This area seems to be in the overlap region of H.conspersus and H.arenaceus which from what I understand, are *the only two* known Hottentotta species to be found in Namibia. I also understand that they are easily confused (Maybe actually synonymous). That said, I'm leaning toward *H.arenaceus * for their ID.

The location that this species was found was all within about 75m-100m of our bungalow.  These were found between about 6-7pm on June 3-5, 2008.  Temps ranged from about 4 C at the lowest in the morning to about 30 C at hottest part of day.  The Scorpions were not seen after about 7-7:30 pm when it cooled.  I estimate the temperature at collection time was in the 24 C range. The habitat can be see in the two included habitat photos.  I forgot to take an exact habitat photo but the actual is somewhere in between the two images also taken around the lodge.

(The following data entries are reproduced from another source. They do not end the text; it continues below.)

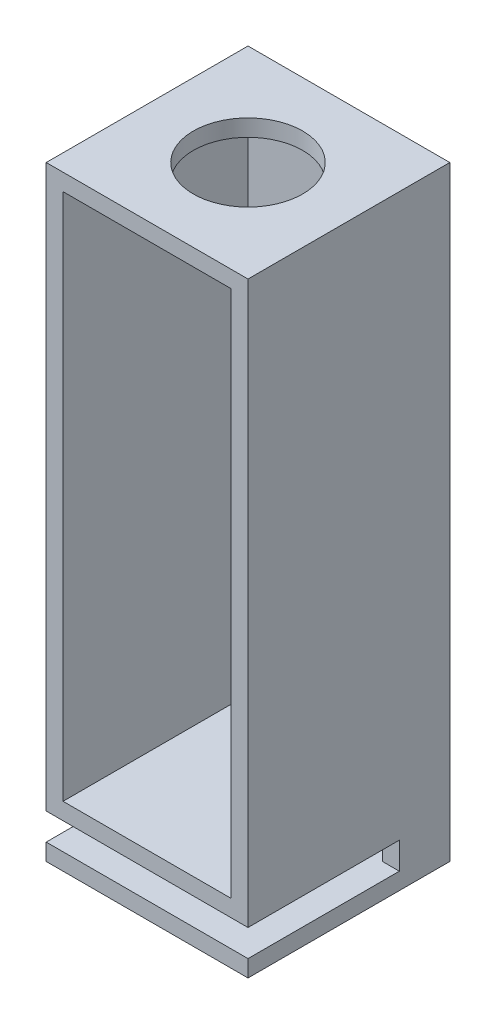
ISO-10303-21;
HEADER;
FILE_DESCRIPTION(('STEP AP214'),'2;1');
FILE_NAME('part.step','',(''),(''),'','','');
FILE_SCHEMA(('AUTOMOTIVE_DESIGN { 1 0 10303 214 1 1 1 1 }'));
ENDSEC;
DATA;
#1=APPLICATION_CONTEXT('core data for automotive mechanical design processes');
#2=APPLICATION_PROTOCOL_DEFINITION('international standard','automotive_design',2000,#1);
#3=PRODUCT_CONTEXT('',#1,'mechanical');
#4=PRODUCT('Part','Part','',(#3));
#5=PRODUCT_RELATED_PRODUCT_CATEGORY('part','',(#4));
#6=PRODUCT_DEFINITION_FORMATION('','',#4);
#7=PRODUCT_DEFINITION_CONTEXT('part definition',#1,'design');
#8=PRODUCT_DEFINITION('design','',#6,#7);
#9=PRODUCT_DEFINITION_SHAPE('','',#8);
#10=(LENGTH_UNIT() NAMED_UNIT(*) SI_UNIT(.MILLI.,.METRE.));
#11=(NAMED_UNIT(*) PLANE_ANGLE_UNIT() SI_UNIT($,.RADIAN.));
#12=(NAMED_UNIT(*) SI_UNIT($,.STERADIAN.) SOLID_ANGLE_UNIT());
#13=UNCERTAINTY_MEASURE_WITH_UNIT(LENGTH_MEASURE(1.E-05),#10,'distance_accuracy_value','');
#14=(GEOMETRIC_REPRESENTATION_CONTEXT(3) GLOBAL_UNCERTAINTY_ASSIGNED_CONTEXT((#13)) GLOBAL_UNIT_ASSIGNED_CONTEXT((#10,
#11,#12)) REPRESENTATION_CONTEXT('',''));
#15=CARTESIAN_POINT('',(0.,0.,0.));
#16=DIRECTION('',(0.,0.,1.));
#17=DIRECTION('',(1.,0.,0.));
#18=AXIS2_PLACEMENT_3D('',#15,#16,#17);
#19=CARTESIAN_POINT('',(5.,36.,-6.));
#20=DIRECTION('',(-1.,0.,0.));
#21=DIRECTION('',(0.,0.,1.));
#22=AXIS2_PLACEMENT_3D('',#19,#20,#21);
#23=PLANE('',#22);
#24=DIRECTION('',(0.,0.,1.));
#25=VECTOR('',#24,1.);
#26=CARTESIAN_POINT('',(5.,3.6,-15.0498756211209));
#27=LINE('',#26,#25);
#28=CARTESIAN_POINT('',(5.,3.6,-5.));
#29=VERTEX_POINT('',#28);
#30=CARTESIAN_POINT('',(5.,3.6,6.));
#31=VERTEX_POINT('',#30);
#32=EDGE_CURVE('E158',#29,#31,#27,.T.);
#33=ORIENTED_EDGE('',*,*,#32,.T.);
#34=DIRECTION('',(0.,-1.,0.));
#35=VECTOR('',#34,1.);
#36=CARTESIAN_POINT('',(5.,36.,6.));
#37=LINE('',#36,#35);
#38=CARTESIAN_POINT('',(5.,35.,6.));
#39=VERTEX_POINT('',#38);
#40=EDGE_CURVE('E172',#39,#31,#37,.T.);
#41=ORIENTED_EDGE('',*,*,#40,.F.);
#42=DIRECTION('',(0.,0.,-1.));
#43=VECTOR('',#42,1.);
#44=CARTESIAN_POINT('',(5.,35.,-6.));
#45=LINE('',#44,#43);
#46=CARTESIAN_POINT('',(5.,35.,-5.));
#47=VERTEX_POINT('',#46);
#48=EDGE_CURVE('E197',#39,#47,#45,.T.);
#49=ORIENTED_EDGE('',*,*,#48,.T.);
#50=DIRECTION('',(0.,-1.,0.));
#51=VECTOR('',#50,1.);
#52=CARTESIAN_POINT('',(5.,36.,-5.));
#53=LINE('',#52,#51);
#54=EDGE_CURVE('E175',#47,#29,#53,.T.);
#55=ORIENTED_EDGE('',*,*,#54,.T.);
#56=EDGE_LOOP('',(#33,#41,#49,#55));
#57=FACE_BOUND('',#56,.T.);
#58=ADVANCED_FACE('F39',(#57),#23,.T.);
#59=CARTESIAN_POINT('',(-6.,36.,-5.));
#60=DIRECTION('',(0.,0.,1.));
#61=DIRECTION('',(1.,0.,0.));
#62=AXIS2_PLACEMENT_3D('',#59,#60,#61);
#63=PLANE('',#62);
#64=DIRECTION('',(1.,0.,0.));
#65=VECTOR('',#64,1.);
#66=CARTESIAN_POINT('',(-5.,3.6,-5.));
#67=LINE('',#66,#65);
#68=CARTESIAN_POINT('',(-5.,3.6,-5.));
#69=VERTEX_POINT('',#68);
#70=EDGE_CURVE('E300',#69,#29,#67,.T.);
#71=ORIENTED_EDGE('',*,*,#70,.T.);
#72=ORIENTED_EDGE('',*,*,#54,.F.);
#73=DIRECTION('',(-1.,0.,0.));
#74=VECTOR('',#73,1.);
#75=CARTESIAN_POINT('',(-6.,35.,-5.));
#76=LINE('',#75,#74);
#77=CARTESIAN_POINT('',(-5.,35.,-5.));
#78=VERTEX_POINT('',#77);
#79=EDGE_CURVE('E277',#47,#78,#76,.T.);
#80=ORIENTED_EDGE('',*,*,#79,.T.);
#81=DIRECTION('',(0.,-1.,0.));
#82=VECTOR('',#81,1.);
#83=CARTESIAN_POINT('',(-5.,36.,-5.));
#84=LINE('',#83,#82);
#85=EDGE_CURVE('E264',#78,#69,#84,.T.);
#86=ORIENTED_EDGE('',*,*,#85,.T.);
#87=EDGE_LOOP('',(#71,#72,#80,#86));
#88=FACE_BOUND('',#87,.T.);
#89=ADVANCED_FACE('F298',(#88),#63,.T.);
#90=CARTESIAN_POINT('',(-5.,36.,-6.));
#91=DIRECTION('',(1.,0.,0.));
#92=DIRECTION('',(0.,0.,-1.));
#93=AXIS2_PLACEMENT_3D('',#90,#91,#92);
#94=PLANE('',#93);
#95=DIRECTION('',(0.,0.,1.));
#96=VECTOR('',#95,1.);
#97=CARTESIAN_POINT('',(-5.,3.6,-15.0498756211209));
#98=LINE('',#97,#96);
#99=CARTESIAN_POINT('',(-5.,3.6,6.));
#100=VERTEX_POINT('',#99);
#101=EDGE_CURVE('E161',#69,#100,#98,.T.);
#102=ORIENTED_EDGE('',*,*,#101,.F.);
#103=ORIENTED_EDGE('',*,*,#85,.F.);
#104=DIRECTION('',(0.,0.,1.));
#105=VECTOR('',#104,1.);
#106=CARTESIAN_POINT('',(-5.,35.,-6.));
#107=LINE('',#106,#105);
#108=CARTESIAN_POINT('',(-5.,35.,6.));
#109=VERTEX_POINT('',#108);
#110=EDGE_CURVE('E189',#78,#109,#107,.T.);
#111=ORIENTED_EDGE('',*,*,#110,.T.);
#112=DIRECTION('',(0.,-1.,0.));
#113=VECTOR('',#112,1.);
#114=CARTESIAN_POINT('',(-5.,36.,6.));
#115=LINE('',#114,#113);
#116=EDGE_CURVE('E183',#109,#100,#115,.T.);
#117=ORIENTED_EDGE('',*,*,#116,.T.);
#118=EDGE_LOOP('',(#102,#103,#111,#117));
#119=FACE_BOUND('',#118,.T.);
#120=ADVANCED_FACE('F371',(#119),#94,.T.);
#121=CARTESIAN_POINT('',(-6.,36.,6.));
#122=DIRECTION('',(0.,0.,-1.));
#123=DIRECTION('',(-1.,0.,0.));
#124=AXIS2_PLACEMENT_3D('',#121,#122,#123);
#125=PLANE('',#124);
#126=ORIENTED_EDGE('',*,*,#40,.T.);
#127=DIRECTION('',(-1.,0.,0.));
#128=VECTOR('',#127,1.);
#129=CARTESIAN_POINT('',(-5.,3.6,6.));
#130=LINE('',#129,#128);
#131=EDGE_CURVE('E155',#31,#100,#130,.T.);
#132=ORIENTED_EDGE('',*,*,#131,.T.);
#133=ORIENTED_EDGE('',*,*,#116,.F.);
#134=DIRECTION('',(1.,0.,0.));
#135=VECTOR('',#134,1.);
#136=CARTESIAN_POINT('',(-6.,35.,6.));
#137=LINE('',#136,#135);
#138=EDGE_CURVE('E181',#109,#39,#137,.T.);
#139=ORIENTED_EDGE('',*,*,#138,.T.);
#140=EDGE_LOOP('',(#126,#132,#133,#139));
#141=FACE_BOUND('',#140,.T.);
#142=DIRECTION('',(0.,-1.,0.));
#143=VECTOR('',#142,1.);
#144=CARTESIAN_POINT('',(-6.,36.,6.));
#145=LINE('',#144,#143);
#146=CARTESIAN_POINT('',(-6.,36.,6.));
#147=VERTEX_POINT('',#146);
#148=CARTESIAN_POINT('',(-6.,2.6,6.));
#149=VERTEX_POINT('',#148);
#150=EDGE_CURVE('E233',#147,#149,#145,.T.);
#151=ORIENTED_EDGE('',*,*,#150,.T.);
#152=DIRECTION('',(-1.,0.,0.));
#153=VECTOR('',#152,1.);
#154=CARTESIAN_POINT('',(-6.77267637178051,2.6,6.));
#155=LINE('',#154,#153);
#156=CARTESIAN_POINT('',(5.99999999999999,2.6,6.));
#157=VERTEX_POINT('',#156);
#158=EDGE_CURVE('E306',#157,#149,#155,.T.);
#159=ORIENTED_EDGE('',*,*,#158,.F.);
#160=DIRECTION('',(0.,-1.,0.));
#161=VECTOR('',#160,1.);
#162=CARTESIAN_POINT('',(6.,36.,6.));
#163=LINE('',#162,#161);
#164=CARTESIAN_POINT('',(6.,36.,6.));
#165=VERTEX_POINT('',#164);
#166=EDGE_CURVE('E228',#165,#157,#163,.T.);
#167=ORIENTED_EDGE('',*,*,#166,.F.);
#168=DIRECTION('',(1.,0.,0.));
#169=VECTOR('',#168,1.);
#170=CARTESIAN_POINT('',(-6.,36.,6.));
#171=LINE('',#170,#169);
#172=EDGE_CURVE('E210',#147,#165,#171,.T.);
#173=ORIENTED_EDGE('',*,*,#172,.F.);
#174=EDGE_LOOP('',(#151,#159,#167,#173));
#175=FACE_BOUND('',#174,.T.);
#176=ADVANCED_FACE('F179',(#141,#175),#125,.F.);
#177=CARTESIAN_POINT('',(5.99999999999999,1.,6.));
#178=VERTEX_POINT('',#177);
#179=CARTESIAN_POINT('',(6.,0.,6.));
#180=VERTEX_POINT('',#179);
#181=EDGE_CURVE('E213',#178,#180,#163,.T.);
#182=ORIENTED_EDGE('',*,*,#181,.F.);
#183=DIRECTION('',(1.,0.,0.));
#184=VECTOR('',#183,1.);
#185=CARTESIAN_POINT('',(-6.,1.,6.));
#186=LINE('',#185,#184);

The size of the 3 photographed specimens ranged from about 1-1.5cm for the smallest as it is pictured with its metosoma in the upright and curled position.  This would give it a full mouth to tail measurement of about 2-2.5cm.  This would make the large specimen about 4-5cm in full length. I am assuming I had 2 sub-adults and one adult but of course without a large sample I cannot be sure.

All specimens seen (6 in total) were found on the rocks (mostly cobble/brick sized an smaller) in the habitat in the photos near the bungalow we were staying in.  One of the 6 was using a rock as a scrape with a short burrow of about 3-4cm.  The individual with the burrow was one of the smaller two specimens. I tried collecting for about 1/2 hour after dinner (after 7:30) and none were found.  It had cooled down noticeably by that time though.

This is all I am able to recall...




















































Second Part of Honeymoon Scorps

This second section is regarding the Opisthacanthus sp. I saw at Sabi Sabi Selati Lodge on property adjacent to Kruger National Park in South Africa.  All the previous excuses due to being on my honeymoon apply .

Sabi Sabi Selati lodge: Sabi Sabi Private Game Reserve, situated in the 65000 hectare Sabi Sand Wildtuin in the South-Western section of the Kruger National Park. The scorpion was discovered on the pillow of our game guide the first night we were there and so collection location is only approximate.  The habitat photos are from the region around Selati Lodge which is located on the banks of a small seasonal river. There is more vegetation near the river and I suspect where this specimen was found. 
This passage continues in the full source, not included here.